Lay Summary (English)

Lead
Lay summary

Background. The Swiss Cohort Study on Air Pollution and Lung and Heart Diseases in Adults (SAPALDIA) is a unique nearly 20-year old cohort study, investigating the health effects of air pollution. It was incepted in 1991 (SAP1) with baseline health examination in 8 areas of 9600 participants, with a first follow up in 2002-03 (SAP2) and a second one in 2010-11 (SAP3). In past, SAPALDIA has strongly contributed in understanding the association between respiratory and cardiovascular health effects with regulated air pollutants, PM10 and NO2. Partly, it was possible due to the state of the art air pollution exposure models that were developed for these pollutants. As the second follow up (SAP3) has expanded on the measured health outcomes, it is in a state where improved exposure assessment is pivotal to further advance our understanding on health effects of air pollution on Swiss population. In fact, SAPALDIA is also participating in a European Study of Cohorts for Air Pollution Effects (ESCAPE), a collaboration of 34 European cohort studies for quantification of effects of long-term exposure to outdoor air pollution on human health.

Why this study needed? Recent findings in SAPLADIA and elsewhere in North American and European studies suggest even stronger associations for traffic related air pollutants. These studies have indicated that concentrations of traffic exhaust pollutants (e.g. ultrafine particles, NO2 and soot) vary greatly within 200m of major roads, a centrally located monitoring site can not capture the high exposures of SAP3 subjects living near busy roads.
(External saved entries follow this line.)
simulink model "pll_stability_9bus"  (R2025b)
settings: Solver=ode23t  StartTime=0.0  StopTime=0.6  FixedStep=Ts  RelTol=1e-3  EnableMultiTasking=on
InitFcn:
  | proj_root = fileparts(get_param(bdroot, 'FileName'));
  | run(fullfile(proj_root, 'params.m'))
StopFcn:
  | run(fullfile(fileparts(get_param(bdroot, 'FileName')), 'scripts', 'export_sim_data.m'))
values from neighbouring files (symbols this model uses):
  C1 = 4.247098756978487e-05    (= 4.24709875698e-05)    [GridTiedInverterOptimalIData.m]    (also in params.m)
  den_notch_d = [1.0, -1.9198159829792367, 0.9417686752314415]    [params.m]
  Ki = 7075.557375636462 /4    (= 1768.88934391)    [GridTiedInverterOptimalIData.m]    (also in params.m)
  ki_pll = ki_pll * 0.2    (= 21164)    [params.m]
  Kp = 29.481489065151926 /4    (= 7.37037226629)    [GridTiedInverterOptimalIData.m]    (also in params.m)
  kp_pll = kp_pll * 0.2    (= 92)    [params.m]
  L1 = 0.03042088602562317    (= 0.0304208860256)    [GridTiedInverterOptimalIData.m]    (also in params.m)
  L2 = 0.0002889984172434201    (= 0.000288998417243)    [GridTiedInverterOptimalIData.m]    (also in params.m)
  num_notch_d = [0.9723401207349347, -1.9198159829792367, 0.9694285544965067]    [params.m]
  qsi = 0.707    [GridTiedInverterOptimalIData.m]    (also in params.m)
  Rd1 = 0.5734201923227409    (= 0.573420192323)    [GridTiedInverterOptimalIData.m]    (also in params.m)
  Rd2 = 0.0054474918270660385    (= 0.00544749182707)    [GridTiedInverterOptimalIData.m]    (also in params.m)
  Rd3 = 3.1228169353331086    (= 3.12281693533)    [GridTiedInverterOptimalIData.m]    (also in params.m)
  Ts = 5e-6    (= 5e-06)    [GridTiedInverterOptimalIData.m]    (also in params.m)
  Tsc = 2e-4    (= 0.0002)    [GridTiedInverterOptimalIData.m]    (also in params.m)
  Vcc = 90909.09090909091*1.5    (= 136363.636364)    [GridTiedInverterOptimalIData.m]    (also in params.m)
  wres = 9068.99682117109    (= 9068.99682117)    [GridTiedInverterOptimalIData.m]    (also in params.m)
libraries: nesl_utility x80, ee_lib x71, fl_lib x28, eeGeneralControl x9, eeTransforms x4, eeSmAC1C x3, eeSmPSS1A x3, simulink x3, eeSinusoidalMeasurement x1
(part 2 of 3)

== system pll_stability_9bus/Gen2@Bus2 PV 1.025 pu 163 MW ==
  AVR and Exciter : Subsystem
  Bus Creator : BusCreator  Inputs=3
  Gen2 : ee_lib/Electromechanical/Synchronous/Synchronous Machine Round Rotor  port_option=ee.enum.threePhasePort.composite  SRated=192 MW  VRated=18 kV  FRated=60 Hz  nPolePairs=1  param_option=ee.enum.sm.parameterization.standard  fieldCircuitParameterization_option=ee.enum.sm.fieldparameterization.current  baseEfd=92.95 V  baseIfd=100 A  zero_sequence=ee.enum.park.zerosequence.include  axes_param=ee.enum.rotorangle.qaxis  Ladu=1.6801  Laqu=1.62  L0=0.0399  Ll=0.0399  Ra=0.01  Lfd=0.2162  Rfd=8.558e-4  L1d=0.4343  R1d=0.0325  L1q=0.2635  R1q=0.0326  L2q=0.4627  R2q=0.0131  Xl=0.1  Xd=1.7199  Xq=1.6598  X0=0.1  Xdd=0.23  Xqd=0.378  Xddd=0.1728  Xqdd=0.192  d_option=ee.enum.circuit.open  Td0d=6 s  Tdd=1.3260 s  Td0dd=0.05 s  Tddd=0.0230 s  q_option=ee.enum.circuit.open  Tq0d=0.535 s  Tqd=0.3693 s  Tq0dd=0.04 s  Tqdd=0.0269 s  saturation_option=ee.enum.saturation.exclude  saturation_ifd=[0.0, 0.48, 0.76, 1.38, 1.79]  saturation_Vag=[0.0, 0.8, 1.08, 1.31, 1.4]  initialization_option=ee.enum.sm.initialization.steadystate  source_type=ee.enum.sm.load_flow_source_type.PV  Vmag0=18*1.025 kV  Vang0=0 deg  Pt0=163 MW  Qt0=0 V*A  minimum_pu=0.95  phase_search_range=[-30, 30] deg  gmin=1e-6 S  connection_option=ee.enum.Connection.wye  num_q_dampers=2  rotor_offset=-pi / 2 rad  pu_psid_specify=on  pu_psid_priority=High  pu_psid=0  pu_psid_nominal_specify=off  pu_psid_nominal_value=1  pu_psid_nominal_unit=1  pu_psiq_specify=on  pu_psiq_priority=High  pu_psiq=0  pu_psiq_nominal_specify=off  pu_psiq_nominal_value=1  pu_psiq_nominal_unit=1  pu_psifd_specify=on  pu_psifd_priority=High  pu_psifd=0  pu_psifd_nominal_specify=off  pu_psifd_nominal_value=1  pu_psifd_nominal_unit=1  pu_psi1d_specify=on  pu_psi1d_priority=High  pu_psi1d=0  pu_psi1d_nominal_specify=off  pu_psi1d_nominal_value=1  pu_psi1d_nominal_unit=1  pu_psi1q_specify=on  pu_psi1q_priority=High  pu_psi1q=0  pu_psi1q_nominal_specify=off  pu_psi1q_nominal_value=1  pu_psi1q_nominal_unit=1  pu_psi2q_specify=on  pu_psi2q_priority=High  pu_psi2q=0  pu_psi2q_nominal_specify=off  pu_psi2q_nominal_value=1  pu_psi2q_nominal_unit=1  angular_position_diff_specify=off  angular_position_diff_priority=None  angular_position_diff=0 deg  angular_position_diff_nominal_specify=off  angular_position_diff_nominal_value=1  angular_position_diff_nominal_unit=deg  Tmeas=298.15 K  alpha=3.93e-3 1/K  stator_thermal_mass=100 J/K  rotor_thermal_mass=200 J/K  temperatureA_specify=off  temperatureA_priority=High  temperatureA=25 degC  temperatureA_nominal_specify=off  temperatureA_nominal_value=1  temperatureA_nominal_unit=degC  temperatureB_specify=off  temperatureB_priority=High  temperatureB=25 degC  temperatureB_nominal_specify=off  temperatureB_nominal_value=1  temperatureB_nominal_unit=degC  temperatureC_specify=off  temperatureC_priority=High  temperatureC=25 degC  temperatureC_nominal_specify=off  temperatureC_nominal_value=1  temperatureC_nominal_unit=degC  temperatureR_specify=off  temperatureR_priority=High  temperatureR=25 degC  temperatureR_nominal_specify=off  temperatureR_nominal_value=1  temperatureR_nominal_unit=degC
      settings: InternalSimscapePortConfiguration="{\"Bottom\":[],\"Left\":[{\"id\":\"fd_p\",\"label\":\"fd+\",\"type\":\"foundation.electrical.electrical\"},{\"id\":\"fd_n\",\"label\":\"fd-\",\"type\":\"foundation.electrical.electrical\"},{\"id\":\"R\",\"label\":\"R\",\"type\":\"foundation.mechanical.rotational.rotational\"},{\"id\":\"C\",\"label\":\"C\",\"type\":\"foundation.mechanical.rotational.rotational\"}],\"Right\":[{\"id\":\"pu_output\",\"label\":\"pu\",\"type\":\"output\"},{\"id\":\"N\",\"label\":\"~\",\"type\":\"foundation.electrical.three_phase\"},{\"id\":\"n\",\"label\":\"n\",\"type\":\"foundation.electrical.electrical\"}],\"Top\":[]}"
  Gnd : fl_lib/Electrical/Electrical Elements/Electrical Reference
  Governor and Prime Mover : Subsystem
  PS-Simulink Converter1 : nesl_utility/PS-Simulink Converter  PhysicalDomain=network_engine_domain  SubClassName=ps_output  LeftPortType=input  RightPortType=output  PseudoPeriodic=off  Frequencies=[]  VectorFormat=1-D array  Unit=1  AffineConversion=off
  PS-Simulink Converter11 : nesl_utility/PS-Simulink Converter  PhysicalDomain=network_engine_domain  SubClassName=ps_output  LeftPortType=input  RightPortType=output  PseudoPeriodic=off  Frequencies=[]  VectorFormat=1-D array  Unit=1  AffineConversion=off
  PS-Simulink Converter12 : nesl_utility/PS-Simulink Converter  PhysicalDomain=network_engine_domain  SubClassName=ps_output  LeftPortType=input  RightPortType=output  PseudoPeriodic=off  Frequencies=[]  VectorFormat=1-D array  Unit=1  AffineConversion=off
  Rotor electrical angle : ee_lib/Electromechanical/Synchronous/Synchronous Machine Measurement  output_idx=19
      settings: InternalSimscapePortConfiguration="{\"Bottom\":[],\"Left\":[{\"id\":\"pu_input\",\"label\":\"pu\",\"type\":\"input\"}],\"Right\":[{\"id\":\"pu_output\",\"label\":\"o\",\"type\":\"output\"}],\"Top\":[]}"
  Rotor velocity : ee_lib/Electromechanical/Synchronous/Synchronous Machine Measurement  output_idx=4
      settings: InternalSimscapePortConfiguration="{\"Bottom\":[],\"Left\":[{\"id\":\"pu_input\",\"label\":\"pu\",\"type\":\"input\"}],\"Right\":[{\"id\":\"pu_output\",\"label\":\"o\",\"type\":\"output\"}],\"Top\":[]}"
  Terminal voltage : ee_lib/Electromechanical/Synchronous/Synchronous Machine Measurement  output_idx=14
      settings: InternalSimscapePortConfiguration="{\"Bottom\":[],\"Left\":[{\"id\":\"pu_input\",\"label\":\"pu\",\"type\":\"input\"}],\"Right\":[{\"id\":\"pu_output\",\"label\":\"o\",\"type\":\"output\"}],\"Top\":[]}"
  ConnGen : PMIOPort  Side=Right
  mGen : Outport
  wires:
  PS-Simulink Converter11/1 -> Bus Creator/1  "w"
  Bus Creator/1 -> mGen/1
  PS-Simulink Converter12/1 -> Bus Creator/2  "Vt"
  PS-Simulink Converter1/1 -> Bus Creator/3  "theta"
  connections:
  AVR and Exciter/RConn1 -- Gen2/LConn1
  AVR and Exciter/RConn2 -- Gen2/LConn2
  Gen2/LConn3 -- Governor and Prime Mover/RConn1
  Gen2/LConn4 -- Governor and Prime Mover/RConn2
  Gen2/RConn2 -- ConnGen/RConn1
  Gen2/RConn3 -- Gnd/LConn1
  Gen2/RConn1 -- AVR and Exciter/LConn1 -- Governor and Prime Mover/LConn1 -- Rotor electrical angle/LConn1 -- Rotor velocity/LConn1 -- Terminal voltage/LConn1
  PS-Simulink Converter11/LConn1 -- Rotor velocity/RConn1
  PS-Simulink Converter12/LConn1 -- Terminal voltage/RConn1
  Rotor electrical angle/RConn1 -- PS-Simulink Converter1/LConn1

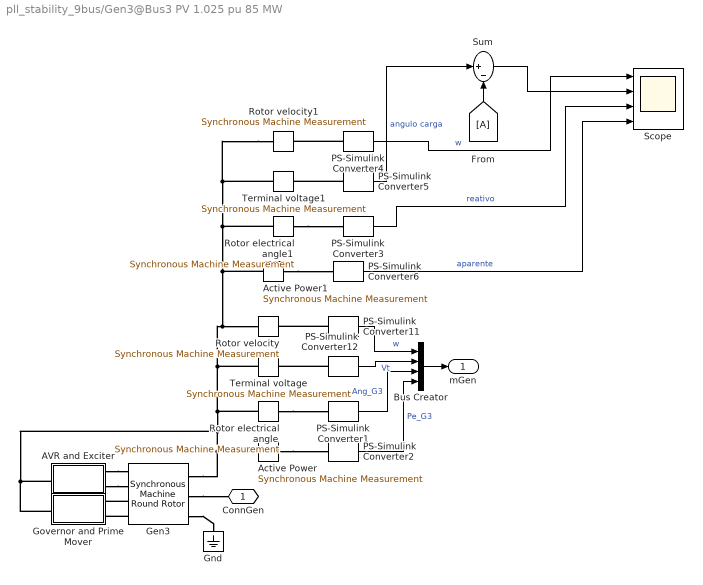
== system pll_stability_9bus/Gen3@Bus3 PV 1.025 pu 85 MW ==
  AVR and Exciter : Subsystem
  Active Power : ee_lib/Electromechanical/Synchronous/Synchronous Machine Measurement  output_idx=12
      settings: InternalSimscapePortConfiguration="{\"Bottom\":[],\"Left\":[{\"id\":\"pu_input\",\"label\":\"pu\",\"type\":\"input\"}],\"Right\":[{\"id\":\"pu_output\",\"label\":\"o\",\"type\":\"output\"}],\"Top\":[]}"
  Active Power1 : ee_lib/Electromechanical/Synchronous/Synchronous Machine Measurement  output_idx=11
      settings: InternalSimscapePortConfiguration="{\"Bottom\":[],\"Left\":[{\"id\":\"pu_input\",\"label\":\"pu\",\"type\":\"input\"}],\"Right\":[{\"id\":\"pu_output\",\"label\":\"o\",\"type\":\"output\"}],\"Top\":[]}"
  Bus Creator : BusCreator  Inputs=4
  From : From
  Gen3 : ee_lib/Electromechanical/Synchronous/Synchronous Machine Round Rotor  port_option=ee.enum.threePhasePort.composite  SRated=128 MW  VRated=13.8 kV  FRated=60 Hz  nPolePairs=1  param_option=ee.enum.sm.parameterization.standard  fieldCircuitParameterization_option=ee.enum.sm.fieldparameterization.current  baseEfd=92.95 V  baseIfd=100 A  zero_sequence=ee.enum.park.zerosequence.include  axes_param=ee.enum.rotorangle.qaxis  Ladu=1.5958  Laqu=1.5257  L0=0.0842  Ll=0.0842  Ra=0.01  Lfd=0.1715  Rfd=8.4749e-4  L1d=0.061  R1d=0.0108  L1q=0.1726  R1q=0.0222  L2q=0.3535  R2q=0.0144  Xl=0.095  Xd=1.68  Xq=1.61  X0=0.095  Xdd=0.2321  Xqd=0.32  Xddd=0.128  Xqdd=0.192  d_option=ee.enum.circuit.open  Td0d=5.89 s  Tdd=1.3260 s  Td0dd=0.05 s  Tddd=0.0230 s  q_option=ee.enum.circuit.open  Tq0d=0.6 s  Tqd=0.3693 s  Tq0dd=0.04 s  Tqdd=0.0269 s  saturation_option=ee.enum.saturation.exclude  saturation_ifd=[0.0, 0.48, 0.76, 1.38, 1.79]  saturation_Vag=[0.0, 0.8, 1.08, 1.31, 1.4]  initialization_option=ee.enum.sm.initialization.steadystate  source_type=ee.enum.sm.load_flow_source_type.PV  Vmag0=13.8*1.025 kV  Vang0=0 deg  Pt0=85 MW  Qt0=0 V*A  minimum_pu=0.95  phase_search_range=[-30, 30] deg  gmin=1e-6 S  connection_option=ee.enum.Connection.wye  num_q_dampers=2  rotor_offset=-pi / 2 rad  pu_psid_specify=on  pu_psid_priority=High  pu_psid=0  pu_psid_nominal_specify=off  pu_psid_nominal_value=1  pu_psid_nominal_unit=1  pu_psiq_specify=on  pu_psiq_priority=High  pu_psiq=0  pu_psiq_nominal_specify=off  pu_psiq_nominal_value=1  pu_psiq_nominal_unit=1  pu_psifd_specify=on  pu_psifd_priority=High  pu_psifd=0  pu_psifd_nominal_specify=off  pu_psifd_nominal_value=1  pu_psifd_nominal_unit=1  pu_psi1d_specify=on  pu_psi1d_priority=High  pu_psi1d=0  pu_psi1d_nominal_specify=off  pu_psi1d_nominal_value=1  pu_psi1d_nominal_unit=1  pu_psi1q_specify=on  pu_psi1q_priority=High  pu_psi1q=0  pu_psi1q_nominal_specify=off  pu_psi1q_nominal_value=1  pu_psi1q_nominal_unit=1  pu_psi2q_specify=on  pu_psi2q_priority=High  pu_psi2q=0  pu_psi2q_nominal_specify=off  pu_psi2q_nominal_value=1  pu_psi2q_nominal_unit=1  angular_position_diff_specify=off  angular_position_diff_priority=High  angular_position_diff=0 deg  angular_position_diff_nominal_specify=off  angular_position_diff_nominal_value=1  angular_position_diff_nominal_unit=deg  Tmeas=298.15 K  alpha=3.93e-3 1/K  stator_thermal_mass=100 J/K  rotor_thermal_mass=200 J/K  temperatureA_specify=off  temperatureA_priority=High  temperatureA=25 degC  temperatureA_nominal_specify=off  temperatureA_nominal_value=1  temperatureA_nominal_unit=degC  temperatureB_specify=off  temperatureB_priority=High  temperatureB=25 degC  temperatureB_nominal_specify=off  temperatureB_nominal_value=1  temperatureB_nominal_unit=degC  temperatureC_specify=off  temperatureC_priority=High  temperatureC=25 degC  temperatureC_nominal_specify=off  temperatureC_nominal_value=1  temperatureC_nominal_unit=degC  temperatureR_specify=off  temperatureR_priority=High  temperatureR=25 degC  temperatureR_nominal_specify=off  temperatureR_nominal_value=1  temperatureR_nominal_unit=degC
      settings: InternalSimscapePortConfiguration="{\"Bottom\":[],\"Left\":[{\"id\":\"fd_p\",\"label\":\"fd+\",\"type\":\"foundation.electrical.electrical\"},{\"id\":\"fd_n\",\"label\":\"fd-\",\"type\":\"foundation.electrical.electrical\"},{\"id\":\"R\",\"label\":\"R\",\"type\":\"foundation.mechanical.rotational.rotational\"},{\"id\":\"C\",\"label\":\"C\",\"type\":\"foundation.mechanical.rotational.rotational\"}],\"Right\":[{\"id\":\"pu_output\",\"label\":\"pu\",\"type\":\"output\"},{\"id\":\"N\",\"label\":\"~\",\"type\":\"foundation.electrical.three_phase\"},{\"id\":\"n\",\"label\":\"n\",\"type\":\"foundation.electrical.electrical\"}],\"Top\":[]}"
  Gnd : fl_lib/Electrical/Electrical Elements/Electrical Reference
  Governor and Prime Mover : Subsystem
  PS-Simulink Converter{1..6,11..12} (8 alike) : nesl_utility/PS-Simulink Converter  PhysicalDomain=network_engine_domain  SubClassName=ps_output  LeftPortType=input  RightPortType=output  PseudoPeriodic=off  Frequencies=[]  VectorFormat=1-D array  Unit=1  AffineConversion=off
  Rotor electrical angle : ee_lib/Electromechanical/Synchronous/Synchronous Machine Measurement  output_idx=19
      settings: InternalSimscapePortConfiguration="{\"Bottom\":[],\"Left\":[{\"id\":\"pu_input\",\"label\":\"pu\",\"type\":\"input\"}],\"Right\":[{\"id\":\"pu_output\",\"label\":\"o\",\"type\":\"output\"}],\"Top\":[]}"
  Rotor electrical angle1 : ee_lib/Electromechanical/Synchronous/Synchronous Machine Measurement  output_idx=13
      settings: InternalSimscapePortConfiguration="{\"Bottom\":[],\"Left\":[{\"id\":\"pu_input\",\"label\":\"pu\",\"type\":\"input\"}],\"Right\":[{\"id\":\"pu_output\",\"label\":\"o\",\"type\":\"output\"}],\"Top\":[]}"
  Rotor velocity : ee_lib/Electromechanical/Synchronous/Synchronous Machine Measurement  output_idx=4
      settings: InternalSimscapePortConfiguration="{\"Bottom\":[],\"Left\":[{\"id\":\"pu_input\",\"label\":\"pu\",\"type\":\"input\"}],\"Right\":[{\"id\":\"pu_output\",\"label\":\"o\",\"type\":\"output\"}],\"Top\":[]}"
  Rotor velocity1 : ee_lib/Electromechanical/Synchronous/Synchronous Machine Measurement  output_idx=4
      settings: InternalSimscapePortConfiguration="{\"Bottom\":[],\"Left\":[{\"id\":\"pu_input\",\"label\":\"pu\",\"type\":\"input\"}],\"Right\":[{\"id\":\"pu_output\",\"label\":\"o\",\"type\":\"output\"}],\"Top\":[]}"
  Scope : Scope  NumInputPorts=4
      settings: ActiveDisplayYMinimum=0.992134056706686  ActiveDisplayYMaximum=1.0008746376390321  DataLoggingVariableName=ScopeData28
  Sum : Sum  Inputs=|+-
  Terminal voltage : ee_lib/Electromechanical/Synchronous/Synchronous Machine Measurement  output_idx=14
      settings: InternalSimscapePortConfiguration="{\"Bottom\":[],\"Left\":[{\"id\":\"pu_input\",\"label\":\"pu\",\"type\":\"input\"}],\"Right\":[{\"id\":\"pu_output\",\"label\":\"o\",\"type\":\"output\"}],\"Top\":[]}"
  Terminal voltage1 : ee_lib/Electromechanical/Synchronous/Synchronous Machine Measurement  output_idx=18
      settings: InternalSimscapePortConfiguration="{\"Bottom\":[],\"Left\":[{\"id\":\"pu_input\",\"label\":\"pu\",\"type\":\"input\"}],\"Right\":[{\"id\":\"pu_output\",\"label\":\"o\",\"type\":\"output\"}],\"Top\":[]}"
  ConnGen : PMIOPort  Side=Right
  mGen : Outport
  wires:
  PS-Simulink Converter1/1 -> Bus Creator/3  "Ang_G3"
  PS-Simulink Converter12/1 -> Bus Creator/2  "Vt"
  Bus Creator/1 -> mGen/1
  PS-Simulink Converter11/1 -> Bus Creator/1  "w"
  PS-Simulink Converter2/1 -> Bus Creator/4  "Pe_G3"
  PS-Simulink Converter5/1 -> Sum/1  "angulo carga"
  PS-Simulink Converter4/1 -> Scope/1  "w"
  PS-Simulink Converter3/1 -> Scope/3  "reativo"
  PS-Simulink Converter6/1 -> Scope/4  "aparente"
  From/1 -> Sum/2
  Sum/1 -> Scope/2
  connections:
  Rotor electrical angle/RConn1 -- PS-Simulink Converter1/LConn1
  PS-Simulink Converter12/LConn1 -- Terminal voltage/RConn1
  PS-Simulink Converter11/LConn1 -- Rotor velocity/RConn1
  Rotor velocity1/LConn1 -- Terminal voltage1/LConn1 -- Rotor electrical angle1/LConn1 -- Rotor velocity/LConn1 -- Terminal voltage/LConn1 -- Gen3/RConn1 -- Active Power/LConn1 -- AVR and Exciter/LConn1 -- Governor and Prime Mover/LConn1 -- Rotor electrical angle/LConn1 -- Active Power1/LConn1
  Gen3/RConn3 -- Gnd/LConn1
  Gen3/RConn2 -- ConnGen/RConn1
  Gen3/LConn4 -- Governor and Prime Mover/RConn2
  Gen3/LConn3 -- Governor and Prime Mover/RConn1
  AVR and Exciter/RConn2 -- Gen3/LConn2
  AVR and Exciter/RConn1 -- Gen3/LConn1
  Active Power/RConn1 -- PS-Simulink Converter2/LConn1
  Active Power1/RConn1 -- PS-Simulink Converter6/LConn1
  PS-Simulink Converter4/LConn1 -- Rotor velocity1/RConn1
  PS-Simulink Converter5/LConn1 -- Terminal voltage1/RConn1
  Rotor electrical angle1/RConn1 -- PS-Simulink Converter3/LConn1

== system pll_stability_9bus/Scope ==
  BusElementIn : Inport  PortName=mGen1  Element=w
  BusElementIn1 : Inport  PortName=mGen1  Element=Vt
  BusElementIn3 : Inport  Port=2  PortName=mGen3  Element=Vt
  BusElementIn5 : Inport  Port=2  PortName=mGen3  Element=w
  Mux : Mux  Inputs=2
  Mux1 : Mux  Inputs=2
  Scope : Scope  NumInputPorts=2
      settings: ActiveDisplayYMinimum=0.30512027523637242  ActiveDisplayYMaximum=1.3392045145647005
  wires:
  BusElementIn/1 -> Mux/1
  BusElementIn1/1 -> Mux1/1
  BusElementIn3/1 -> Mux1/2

SAP2 has advanced air pollution exposure science by conducting innovative exposure modeling across 8 geographically diverse areas in Switzerland using dispersion modeling and NO2 land use regression modeling. However, exposure to specific traffic related pollutants such as ultrafine particles and PM chemical components was not assessed. Furthermore, exposures were only assessed at outdoor home addresses without taking into account outdoor exposure at workplaces or indoor exposure at homes.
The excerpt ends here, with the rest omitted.